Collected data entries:
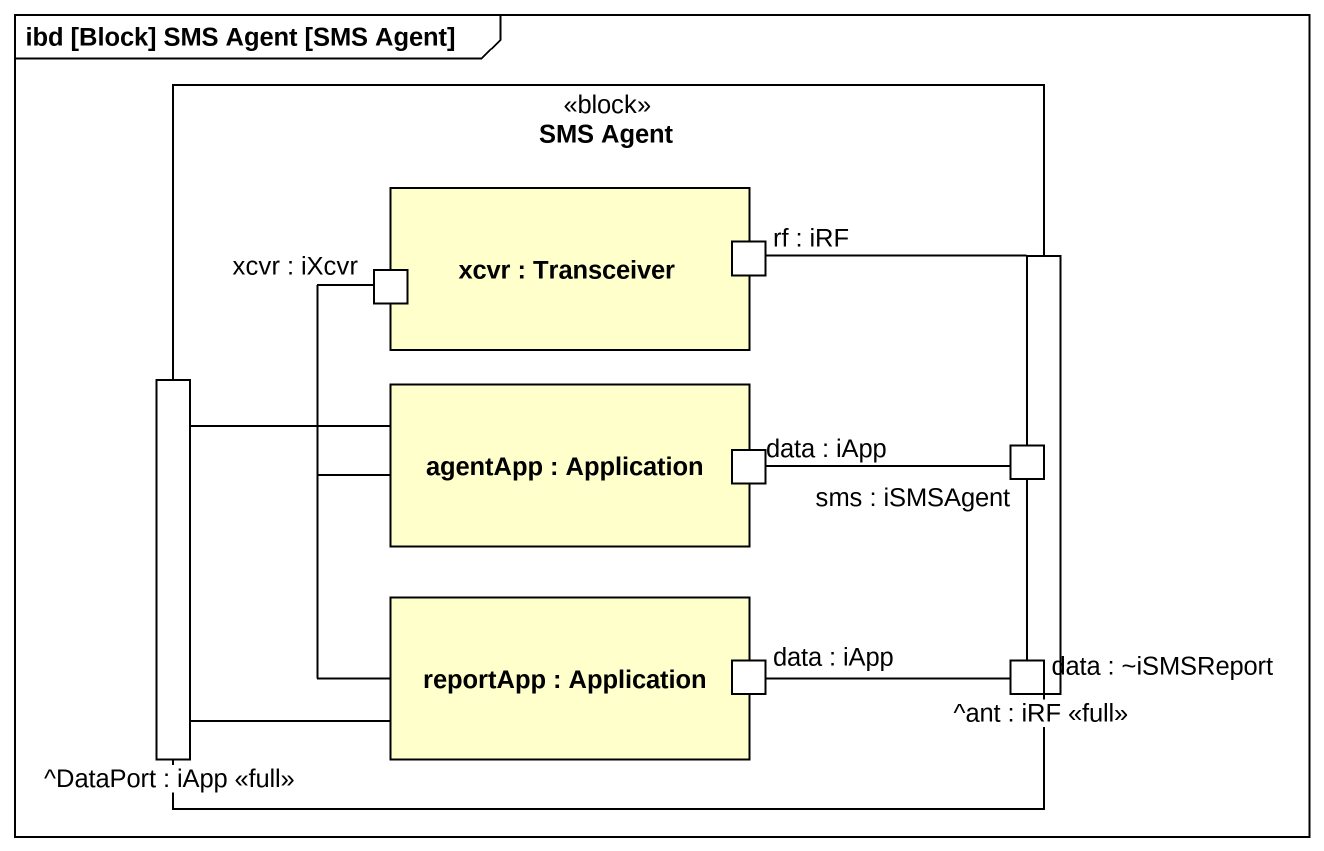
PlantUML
@startuml
mainframe ibd [Block] SMS Agent [SMS Agent]
rectangle "SMS Agent" as SMS_Agent <<block>> {
  rectangle "xcvr : Transceiver" as xcvr {
    port "xcvr : iXcvr" as xcvr_iXcvr
    port "rf : iRF" as rf_iRF
  }
  port "^ant : iRF <<full>>" as ant_iRF_full
  port "^DataPort : iApp <<full>>" as DataPort_iApp_full
  rectangle "agentApp : Application" as agentApp {
    port "data : iApp" as data_iApp
  }
  port "sms : iSMSAgent" as sms_iSMSAgent
  rectangle "reportApp : Application" as reportApp {
    port "data : iApp" as data_iApp_2
  }
  port "data : ~iSMSReport" as data_iSMSReport
}
xcvr_iXcvr -- agentApp
xcvr_iXcvr -- reportApp
rf_iRF -- ant_iRF_full
DataPort_iApp_full -right- agentApp
DataPort_iApp_full -right- reportApp
data_iApp -right- sms_iSMSAgent
data_iApp_2 -right- data_iSMSReport
@enduml
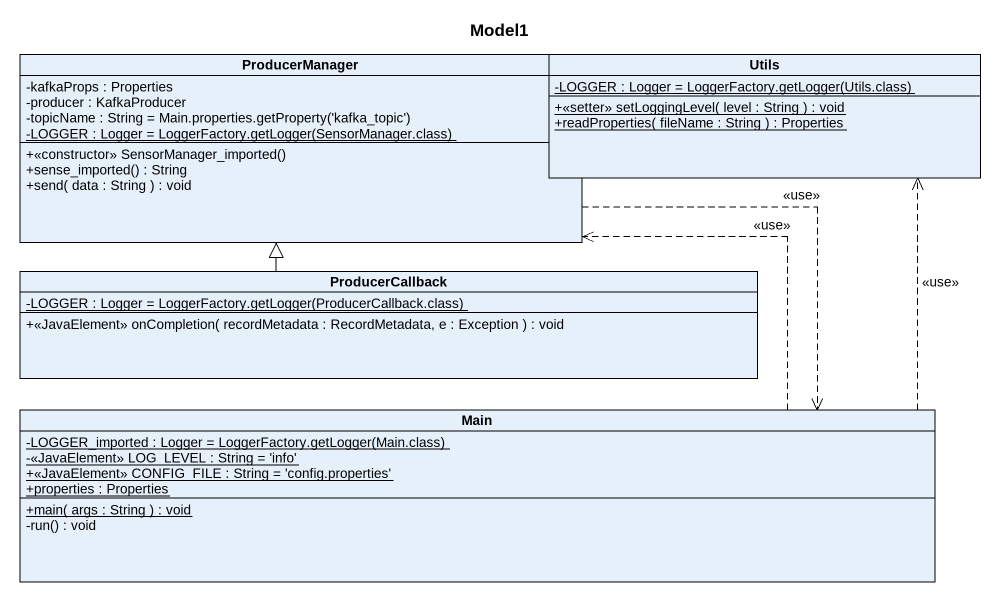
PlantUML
@startuml
title Model1
hide circle
hide empty members
skinparam classAttributeIconSize 0
class ProducerManager {
  -kafkaProps : Properties
  -producer : KafkaProducer
  {field} -topicName : String = Main.properties.getProperty('kafka_topic')
  {static} {field} -LOGGER : Logger = LoggerFactory.getLogger(SensorManager.class)
  +<<constructor>> SensorManager_imported()
  +sense_imported() : String
  +send( data : String ) : void
}
class Utils {
  {static} {field} -LOGGER : Logger = LoggerFactory.getLogger(Utils.class)
  {static} +<<setter>> setLoggingLevel( level : String ) : void
  {static} +readProperties( fileName : String ) : Properties
}
class ProducerCallback {
  {static} {field} -LOGGER : Logger = LoggerFactory.getLogger(ProducerCallback.class)
  +<<JavaElement>> onCompletion( recordMetadata : RecordMetadata, e : Exception ) : void
}
class Main {
  {static} {field} -LOGGER_imported : Logger = LoggerFactory.getLogger(Main.class)
  {static} -<<JavaElement>> LOG_LEVEL : String = 'info'
  {static} +<<JavaElement>> CONFIG_FILE : String = 'config.properties'
  {static} +properties : Properties
  {static} +main( args : String ) : void
  -run() : void
}
ProducerManager ..> Main : <<use>>
ProducerCallback -up-|> ProducerManager
Main .up.> ProducerManager : <<use>>
Main .up.> Utils : <<use>>
@enduml
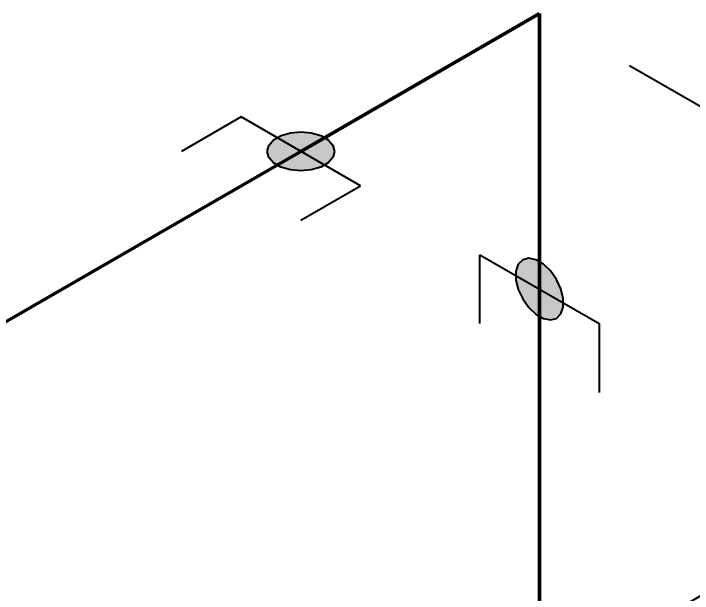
# Model space of a CAD drawing. Header units: millimetres. Extents: x 0 to 594, y 0 to 420.
# Drawn here: x 143.64 to 158.72, y 335.6 to 348.49 of the extents above; entities that cross this region are included whole.
import ezdxf

# ---------------------------------------------------------------- set-up
doc = ezdxf.new("R2010")
doc.units = ezdxf.units.MM
doc.header["$LTSCALE"] = 0.25
doc.layers.add('용접', color=1, linetype='Continuous')
doc.layers.add('치수', color=1, linetype='Continuous')
doc.layers.add('파이프 작은 보어', color=30, linetype='Continuous', lineweight=50)
doc.styles.add('AdskIsoMetric', font='arial.ttf', dxfattribs={"width": 0.8, "height": 2.5})
doc.styles.add('AdskIsoMetric-30', font='arial.ttf', dxfattribs={"width": 0.8, "height": 2.5})
doc.styles.add('AdskIsoMetric30', font='arial.ttf', dxfattribs={"width": 0.8, "oblique": 30, "height": 2.5})
doc.dimstyles.new('AdskIsoMetric', dxfattribs={"dimtxt": 2.5, "dimasz": 2.5, "dimexe": 1, "dimexo": 2, "dimgap": 0.8, "dimtad": 1, "dimdec": 0, "dimrnd": 1, "dimzin": 0, "dimdsep": 46, "dimtxsty": 'AdskIsoMetric', "dimcen": 0, "dimclrt": 7, "dimadec": 0, "dimazin": 0, "dimtfac": 1, "dimtdec": 0, "dimtmove": 1, "dimatfit": 3, "dimfxl": 0, "dimfrac": 2, "dimtolj": 1, "dimtzin": 0, "dimarcsym": 0})

# ---------------------------------------------------------------- blocks, each defined once
blk = doc.blocks.new('*D35')
at = {"layer": 'Defpoints', "color": 0}
for p in [(155.067, 375.475), (202.293, 363.209), (202.293, 348.209)]:
    blk.add_point(p, dxfattribs=at)
at = {"layer": '치수', "color": 0, "lineweight": -2}
for p, q in [((155.067, 377.785), (155.067, 391.63)), ((157.232, 389.225), (200.128, 364.459)), ((202.293, 350.519), (202.293, 364.364))]:
    blk.add_line(p, q, dxfattribs=at)
at = {"layer": '치수', "color": 0}
for points in [[(157.44, 389.586), (157.024, 388.864), (155.067, 390.475)], [(200.337, 364.82), (199.92, 364.098), (202.293, 363.209)]]:
    blk.add_solid(points, dxfattribs=at)
at = {"layer": '치수', "color": 7, "insert": (178.68, 379.46), "char_height": 2.5, "attachment_point": 5, "rotation": 330, "style": 'AdskIsoMetric-30'}
blk.add_mtext('\\A1;188', dxfattribs=at)
blk = doc.blocks.new('*D36')
at = {"layer": 'Defpoints', "color": 0}
for p in [(155.067, 390.475), (155.067, 375.475), (37.569, 307.638)]:
    blk.add_point(p, dxfattribs=at)
at = {"layer": '치수', "color": 0, "lineweight": -2}
for p, q in [((155.067, 377.785), (155.067, 391.63)), ((39.734, 323.888), (152.902, 389.225)), ((37.569, 309.947), (37.569, 323.793))]:
    blk.add_line(p, q, dxfattribs=at)
at = {"layer": '치수', "color": 0}
for points in [[(152.693, 389.586), (153.11, 388.864), (155.067, 390.475)], [(39.526, 324.249), (39.942, 323.527), (37.569, 322.638)]]:
    blk.add_solid(points, dxfattribs=at)
at = {"layer": '치수', "color": 7, "insert": (96.098, 359.046), "char_height": 2.5, "attachment_point": 5, "rotation": 30, "style": 'AdskIsoMetric30'}
blk.add_mtext('\\A1;4196', dxfattribs=at)
blk = doc.blocks.new('*D38')
at = {"layer": 'Defpoints', "color": 0}
for p in [(155.328, 348.489), (155.328, 239.65), (168.318, 232.15)]:
    blk.add_point(p, dxfattribs=at)
at = {"layer": '치수', "color": 0, "lineweight": -2}
for p, q in [((157.328, 347.334), (169.318, 340.412)), ((168.318, 338.489), (168.318, 234.65)), ((157.328, 238.495), (169.318, 231.572))]:
    blk.add_line(p, q, dxfattribs=at)
at = {"layer": '치수', "color": 0}
for points in [[(167.902, 338.489), (168.735, 338.489), (168.318, 340.989)], [(167.902, 234.65), (168.735, 234.65), (168.318, 232.15)]]:
    blk.add_solid(points, dxfattribs=at)
at = {"layer": '치수', "color": 7, "insert": (166.052, 287.878), "char_height": 2.5, "attachment_point": 5, "rotation": 90, "style": 'AdskIsoMetric30'}
blk.add_mtext('\\A1;6121', dxfattribs=at)
blk = doc.blocks.new('*D39')
at = {"layer": 'Defpoints', "color": 0}
for p in [(155.328, 348.489), (168.318, 340.989), (85.057, 307.918)]:
    blk.add_point(p, dxfattribs=at)
at = {"layer": '치수', "color": 0, "lineweight": -2}
for p, q in [((157.328, 347.334), (169.318, 340.412)), ((100.212, 301.668), (166.153, 339.739))]:
    blk.add_line(p, q, dxfattribs=at)
at = {"layer": '치수', "color": 0}
for points in [[(165.945, 340.1), (166.362, 339.378), (168.318, 340.989)], [(100.004, 302.029), (100.42, 301.307), (98.047, 300.418)]]:
    blk.add_solid(points, dxfattribs=at)
at = {"layer": '치수', "color": 7, "insert": (131.378, 322.254), "char_height": 2.5, "attachment_point": 5, "rotation": 30, "style": 'AdskIsoMetric-30'}
blk.add_mtext('\\A1;741', dxfattribs=at)
blk = doc.blocks.new('엘보우-6-Iso2DSkew90')
at = {"color": 0, "linetype": 'ByBlock', "lineweight": -2, "extrusion": (-0.707107, 0.408248, -0.57735)}
for p, q in [((-5.303, -3.062), (0, 0)), ((0, 0), (0, -6.124)), ((0, 0), (0, 0))]:
    blk.add_line(p, q, dxfattribs=at)
blk = doc.blocks.new('SocketWeld-1-IsoRight')
blk.add_hatch(color=256).paths.add_polyline_path([(0.0055, 0.0371), (0.0057, 0.0369), (0.006, 0.0367), (0.0062, 0.0365), (0.0064, 0.0363), (0.0066, 0.0361), (0.0068, 0.0359), (0.007, 0.0357), (0.0072, 0.0355), (0.0075, 0.0353), (0.0077, 0.0351), (0.0079, 0.0349), (0.0081, 0.0347), (0.0083, 0.0345), (0.0085, 0.0343), (0.0088, 0.0341), (0.009, 0.0339), (0.0092, 0.0337), (0.0094, 0.0334), (0.0096, 0.0332), (0.0098, 0.033), (0.01, 0.0328), (0.0103, 0.0326), (0.0105, 0.0324), (0.0107, 0.0322), (0.0109, 0.032), (0.0111, 0.0318), (0.0113, 0.0316), (0.0115, 0.0314), (0.0118, 0.0312), (0.012, 0.031), (0.0122, 0.0308), (0.0124, 0.0306), (0.0126, 0.0304), (0.0128, 0.0302), (0.013, 0.03), (0.0133, 0.0298), (0.0135, 0.0296), (0.0137, 0.0294), (0.0139, 0.0292), (0.0141, 0.0289), (0.0143, 0.0287), (0.0145, 0.0285), (0.0148, 0.0283), (0.015, 0.0281), (0.0152, 0.0279), (0.0154, 0.0277), (0.0156, 0.0275), (0.0158, 0.0273), (0.0161, 0.0271), (0.0161, 0.0271), (0.0162, 0.0268), (0.0164, 0.0266), (0.0166, 0.0263), (0.0168, 0.0261), (0.017, 0.0258), (0.0171, 0.0256), (0.0173, 0.0253), (0.0175, 0.025), (0.0177, 0.0248), (0.0179, 0.0245), (0.0181, 0.0243), (0.0182, 0.024), (0.0184, 0.0237), (0.0186, 0.0235), (0.0188, 0.0232), (0.019, 0.023), (0.0192, 0.0227), (0.0193, 0.0225), (0.0195, 0.0222), (0.0197, 0.0219), (0.0199, 0.0217), (0.0201, 0.0214), (0.0203, 0.0212), (0.0204, 0.0209), (0.0206, 0.0206), (0.0208, 0.0204), (0.021, 0.0201), (0.0212, 0.0199), (0.0213, 0.0196), (0.0215, 0.0193), (0.0217, 0.0191), (0.0219, 0.0188), (0.0221, 0.0186), (0.0223, 0.0183), (0.0224, 0.0181), (0.0226, 0.0178), (0.0228, 0.0175), (0.023, 0.0173), (0.0232, 0.017), (0.0234, 0.0168), (0.0235, 0.0165), (0.0237, 0.0162), (0.0239, 0.016), (0.0241, 0.0157), (0.0243, 0.0155), (0.0245, 0.0152), (0.0246, 0.015), (0.0248, 0.0147), (0.025, 0.0144), (0.025, 0.0144), (0.0251, 0.0141), (0.0253, 0.0139), (0.0254, 0.0136), (0.0255, 0.0133), (0.0257, 0.013), (0.0258, 0.0127), (0.0259, 0.0124), (0.0261, 0.0121), (0.0262, 0.0118), (0.0263, 0.0116), (0.0265, 0.0113), (0.0266, 0.011), (0.0267, 0.0107), (0.0269, 0.0104), (0.027, 0.0101), (0.0271, 0.0098), (0.0273, 0.0095), (0.0274, 0.0093), (0.0275, 0.009), (0.0277, 0.0087), (0.0278, 0.0084), (0.0279, 0.0081), (0.0281, 0.0078), (0.0282, 0.0075), (0.0283, 0.0072), (0.0284, 0.007), (0.0286, 0.0067), (0.0287, 0.0064), (0.0288, 0.0061), (0.029, 0.0058), (0.0291, 0.0055), (0.0292, 0.0052), (0.0294, 0.0049), (0.0295, 0.0047), (0.0296, 0.0044), (0.0298, 0.0041), (0.0299, 0.0038), (0.03, 0.0035), (0.0302, 0.0032), (0.0303, 0.0029), (0.0304, 0.0026), (0.0306, 0.0024), (0.0307, 0.0021), (0.0308, 0.0018), (0.031, 0.0015), (0.0311, 0.0012), (0.0312, 0.0009), (0.0314, 0.0006), (0.0315, 0.0003), (0.0315, 0.0003), (0.0316, 0.0001), (0.0316, -0.0002), (0.0317, -0.0005), (0.0318, -0.0008), (0.0319, -0.0011), (0.0319, -0.0014), (0.032, -0.0017), (0.0321, -0.002), (0.0321, -0.0022), (0.0322, -0.0025), (0.0323, -0.0028), (0.0323, -0.0031), (0.0324, -0.0034), (0.0325, -0.0037), (0.0325, -0.004), (0.0326, -0.0043), (0.0327, -0.0046), (0.0328, -0.0048), (0.0328, -0.0051), (0.0329, -0.0054), (0.033, -0.0057), (0.033, -0.006), (0.0331, -0.0063), (0.0332, -0.0066), (0.0332, -0.0069), (0.0333, -0.0071), (0.0334, -0.0074), (0.0335, -0.0077), (0.0335, -0.008), (0.0336, -0.0083), (0.0337, -0.0086), (0.0337, -0.0089), (0.0338, -0.0092), (0.0339, -0.0095), (0.0339, -0.0097), (0.034, -0.01), (0.0341, -0.0103), (0.0342, -0.0106), (0.0342, -0.0109), (0.0343, -0.0112), (0.0344, -0.0115), (0.0344, -0.0118), (0.0345, -0.012), (0.0346, -0.0123), (0.0346, -0.0126), (0.0347, -0.0129), (0.0348, -0.0132), (0.0349, -0.0135), (0.0349, -0.0138), (0.0349, -0.0138), (0.0349, -0.014), (0.0349, -0.0143), (0.0349, -0.0146), (0.0349, -0.0148), (0.0349, -0.0151), (0.0349, -0.0153), (0.0349, -0.0156), (0.0349, -0.0159), (0.0349, -0.0161), (0.0349, -0.0164), (0.0349, -0.0166), (0.0349, -0.0169), (0.0349, -0.0172), (0.0349, -0.0174), (0.0349, -0.0177), (0.0349, -0.0179), (0.0349, -0.0182), (0.0349, -0.0185), (0.0349, -0.0187), (0.0349, -0.019), (0.0349, -0.0192), (0.0349, -0.0195), (0.0349, -0.0198), (0.0349, -0.02), (0.0349, -0.0203), (0.0349, -0.0206), (0.0349, -0.0208), (0.0349, -0.0211), (0.0349, -0.0213), (0.0349, -0.0216), (0.0349, -0.0219), (0.0349, -0.0221), (0.0349, -0.0224), (0.0349, -0.0226), (0.0349, -0.0229), (0.0349, -0.0232), (0.0349, -0.0234), (0.0349, -0.0237), (0.0349, -0.0239), (0.0349, -0.0242), (0.0349, -0.0245), (0.0349, -0.0247), (0.0349, -0.025), (0.0349, -0.0252), (0.0349, -0.0255), (0.0349, -0.0258), (0.0349, -0.026), (0.0349, -0.0263), (0.0349, -0.0265), (0.0349, -0.0265), (0.0349, -0.0268), (0.0348, -0.027), (0.0347, -0.0272), (0.0346, -0.0274), (0.0346, -0.0276), (0.0345, -0.0278), (0.0344, -0.028), (0.0344, -0.0282), (0.0343, -0.0284), (0.0342, -0.0286), (0.0342, -0.0288), (0.0341, -0.029), (0.034, -0.0292), (0.0339, -0.0295), (0.0339, -0.0297), (0.0338, -0.0299), (0.0337, -0.0301), (0.0337, -0.0303), (0.0336, -0.0305), (0.0335, -0.0307), (0.0335, -0.0309), (0.0334, -0.0311), (0.0333, -0.0313), (0.0332, -0.0315), (0.0332, -0.0317), (0.0331, -0.0319), (0.033, -0.0322), (0.033, -0.0324), (0.0329, -0.0326), (0.0328, -0.0328), (0.0328, -0.033), (0.0327, -0.0332), (0.0326, -0.0334), (0.0325, -0.0336), (0.0325, -0.0338), (0.0324, -0.034), (0.0323, -0.0342), (0.0323, -0.0344), (0.0322, -0.0346), (0.0321, -0.0349), (0.0321, -0.0351), (0.032, -0.0353), (0.0319, -0.0355), (0.0319, -0.0357), (0.0318, -0.0359), (0.0317, -0.0361), (0.0316, -0.0363), (0.0316, -0.0365), (0.0315, -0.0367), (0.0315, -0.0367), (0.0314, -0.0369), (0.0312, -0.037), (0.0311, -0.0371), (0.031, -0.0373), (0.0308, -0.0374), (0.0307, -0.0375), (0.0306, -0.0377), (0.0304, -0.0378), (0.0303, -0.0379), (0.0302, -0.0381), (0.03, -0.0382), (0.0299, -0.0383), (0.0298, -0.0385), (0.0296, -0.0386), (0.0295, -0.0387), (0.0294, -0.0389), (0.0292, -0.039), (0.0291, -0.0391), (0.029, -0.0393), (0.0288, -0.0394), (0.0287, -0.0395), (0.0286, -0.0397), (0.0284, -0.0398), (0.0283, -0.0399), (0.0282, -0.0401), (0.0281, -0.0402), (0.0279, -0.0403), (0.0278, -0.0405), (0.0277, -0.0406), (0.0275, -0.0408), (0.0274, -0.0409), (0.0273, -0.041), (0.0271, -0.0412), (0.027, -0.0413), (0.0269, -0.0414), (0.0267, -0.0416), (0.0266, -0.0417), (0.0265, -0.0418), (0.0263, -0.042), (0.0262, -0.0421), (0.0261, -0.0422), (0.0259, -0.0424), (0.0258, -0.0425), (0.0257, -0.0426), (0.0255, -0.0428), (0.0254, -0.0429), (0.0253, -0.043), (0.0251, -0.0432), (0.025, -0.0433), (0.025, -0.0433), (0.0248, -0.0433), (0.0246, -0.0434), (0.0245, -0.0434), (0.0243, -0.0435), (0.0241, -0.0435), (0.0239, -0.0436), (0.0237, -0.0436), (0.0235, -0.0437), (0.0234, -0.0437), (0.0232, -0.0438), (0.023, -0.0438), (0.0228, -0.0439), (0.0226, -0.0439), (0.0224, -0.044), (0.0223, -0.044), (0.0221, -0.0441), (0.0219, -0.0441), (0.0217, -0.0442), (0.0215, -0.0442), (0.0213, -0.0443), (0.0212, -0.0443), (0.021, -0.0444), (0.0208, -0.0444), (0.0206, -0.0444), (0.0204, -0.0445), (0.0203, -0.0445), (0.0201, -0.0446), (0.0199, -0.0446), (0.0197, -0.0447), (0.0195, -0.0447), (0.0193, -0.0448), (0.0192, -0.0448), (0.019, -0.0449), (0.0188, -0.0449), (0.0186, -0.045), (0.0184, -0.045), (0.0182, -0.0451), (0.0181, -0.0451), (0.0179, -0.0452), (0.0177, -0.0452), (0.0175, -0.0453), (0.0173, -0.0453), (0.0171, -0.0454), (0.017, -0.0454), (0.0168, -0.0455), (0.0166, -0.0455), (0.0164, -0.0455), (0.0162, -0.0456), (0.0161, -0.0456), (0.0161, -0.0456), (0.0158, -0.0456), (0.0156, -0.0456), (0.0154, -0.0455), (0.0152, -0.0455), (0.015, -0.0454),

Activity:
Report the total of lines above containing the string "blocks", and write nothing besides it.

Response to the exercise:
7